- Dataset records:
====================

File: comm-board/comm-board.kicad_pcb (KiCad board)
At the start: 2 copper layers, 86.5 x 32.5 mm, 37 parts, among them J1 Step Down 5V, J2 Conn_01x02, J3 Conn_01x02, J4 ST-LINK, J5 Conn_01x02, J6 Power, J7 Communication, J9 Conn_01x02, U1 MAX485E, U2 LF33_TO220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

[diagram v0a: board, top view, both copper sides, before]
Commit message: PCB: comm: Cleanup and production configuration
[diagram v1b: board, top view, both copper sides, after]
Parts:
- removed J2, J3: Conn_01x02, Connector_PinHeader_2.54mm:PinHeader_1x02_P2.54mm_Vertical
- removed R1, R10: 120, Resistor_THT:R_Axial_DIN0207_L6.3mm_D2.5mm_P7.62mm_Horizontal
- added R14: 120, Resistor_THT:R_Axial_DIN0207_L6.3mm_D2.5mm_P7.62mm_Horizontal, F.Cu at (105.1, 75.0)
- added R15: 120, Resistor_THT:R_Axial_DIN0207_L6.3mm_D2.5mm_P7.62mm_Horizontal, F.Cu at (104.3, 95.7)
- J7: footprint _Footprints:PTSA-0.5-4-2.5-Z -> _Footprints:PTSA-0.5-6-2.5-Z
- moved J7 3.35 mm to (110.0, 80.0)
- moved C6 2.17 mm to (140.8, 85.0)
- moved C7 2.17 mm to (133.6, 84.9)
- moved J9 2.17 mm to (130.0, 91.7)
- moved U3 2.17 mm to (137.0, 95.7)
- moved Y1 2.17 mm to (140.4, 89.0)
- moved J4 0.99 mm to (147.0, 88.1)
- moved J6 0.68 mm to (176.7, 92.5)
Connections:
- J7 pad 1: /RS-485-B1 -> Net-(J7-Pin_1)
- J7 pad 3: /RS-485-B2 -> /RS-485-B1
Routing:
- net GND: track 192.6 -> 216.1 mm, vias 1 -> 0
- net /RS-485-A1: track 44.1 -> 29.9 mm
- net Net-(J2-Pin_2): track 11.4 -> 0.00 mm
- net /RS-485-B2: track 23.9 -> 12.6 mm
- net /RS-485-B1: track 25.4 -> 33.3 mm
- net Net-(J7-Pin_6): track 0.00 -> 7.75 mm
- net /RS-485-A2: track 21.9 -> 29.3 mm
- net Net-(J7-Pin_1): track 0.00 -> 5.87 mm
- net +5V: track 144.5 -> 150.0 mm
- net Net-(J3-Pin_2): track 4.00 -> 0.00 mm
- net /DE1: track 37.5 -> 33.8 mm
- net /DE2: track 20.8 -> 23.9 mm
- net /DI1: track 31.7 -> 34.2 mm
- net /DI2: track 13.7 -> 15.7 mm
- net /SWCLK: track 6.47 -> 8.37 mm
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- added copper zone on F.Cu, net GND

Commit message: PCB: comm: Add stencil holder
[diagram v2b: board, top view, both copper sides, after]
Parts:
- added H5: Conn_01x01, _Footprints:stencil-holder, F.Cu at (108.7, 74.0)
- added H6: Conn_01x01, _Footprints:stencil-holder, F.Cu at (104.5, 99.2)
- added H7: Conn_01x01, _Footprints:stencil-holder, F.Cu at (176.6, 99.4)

====================

- ACTION ITEM: Print the data above exactly as it reads.

- RESULT:
File: comm-board/comm-board.kicad_pcb (KiCad board)
At the start: 2 copper layers, 86.5 x 32.5 mm, 37 parts, among them J1 Step Down 5V, J2 Conn_01x02, J3 Conn_01x02, J4 ST-LINK, J5 Conn_01x02, J6 Power, J7 Communication, J9 Conn_01x02, U1 MAX485E, U2 LF33_TO220

[diagram v0a: board, top view, both copper sides, before]
Commit message: PCB: comm: Cleanup and production configuration
[diagram v1b: board, top view, both copper sides, after]
Parts:
- removed J2, J3: Conn_01x02, Connector_PinHeader_2.54mm:PinHeader_1x02_P2.54mm_Vertical
- removed R1, R10: 120, Resistor_THT:R_Axial_DIN0207_L6.3mm_D2.5mm_P7.62mm_Horizontal
- added R14: 120, Resistor_THT:R_Axial_DIN0207_L6.3mm_D2.5mm_P7.62mm_Horizontal, F.Cu at (105.1, 75.0)
- added R15: 120, Resistor_THT:R_Axial_DIN0207_L6.3mm_D2.5mm_P7.62mm_Horizontal, F.Cu at (104.3, 95.7)
- J7: footprint _Footprints:PTSA-0.5-4-2.5-Z -> _Footprints:PTSA-0.5-6-2.5-Z
- moved J7 3.35 mm to (110.0, 80.0)
- moved C6 2.17 mm to (140.8, 85.0)
- moved C7 2.17 mm to (133.6, 84.9)
- moved J9 2.17 mm to (130.0, 91.7)
- moved U3 2.17 mm to (137.0, 95.7)
- moved Y1 2.17 mm to (140.4, 89.0)
- moved J4 0.99 mm to (147.0, 88.1)
- moved J6 0.68 mm to (176.7, 92.5)
Connections:
- J7 pad 1: /RS-485-B1 -> Net-(J7-Pin_1)
- J7 pad 3: /RS-485-B2 -> /RS-485-B1
Routing:
- net GND: track 192.6 -> 216.1 mm, vias 1 -> 0
- net /RS-485-A1: track 44.1 -> 29.9 mm
- net Net-(J2-Pin_2): track 11.4 -> 0.00 mm
- net /RS-485-B2: track 23.9 -> 12.6 mm
- net /RS-485-B1: track 25.4 -> 33.3 mm
- net Net-(J7-Pin_6): track 0.00 -> 7.75 mm
- net /RS-485-A2: track 21.9 -> 29.3 mm
- net Net-(J7-Pin_1): track 0.00 -> 5.87 mm
- net +5V: track 144.5 -> 150.0 mm
- net Net-(J3-Pin_2): track 4.00 -> 0.00 mm
- net /DE1: track 37.5 -> 33.8 mm
- net /DE2: track 20.8 -> 23.9 mm
- net /DI1: track 31.7 -> 34.2 mm
- net /DI2: track 13.7 -> 15.7 mm
- net /SWCLK: track 6.47 -> 8.37 mm
- added copper zone on F.Cu, net GND

Commit message: PCB: comm: Add stencil holder
[diagram v2b: board, top view, both copper sides, after]
Parts:
- added H5: Conn_01x01, _Footprints:stencil-holder, F.Cu at (108.7, 74.0)
- added H6: Conn_01x01, _Footprints:stencil-holder, F.Cu at (104.5, 99.2)
- added H7: Conn_01x01, _Footprints:stencil-holder, F.Cu at (176.6, 99.4)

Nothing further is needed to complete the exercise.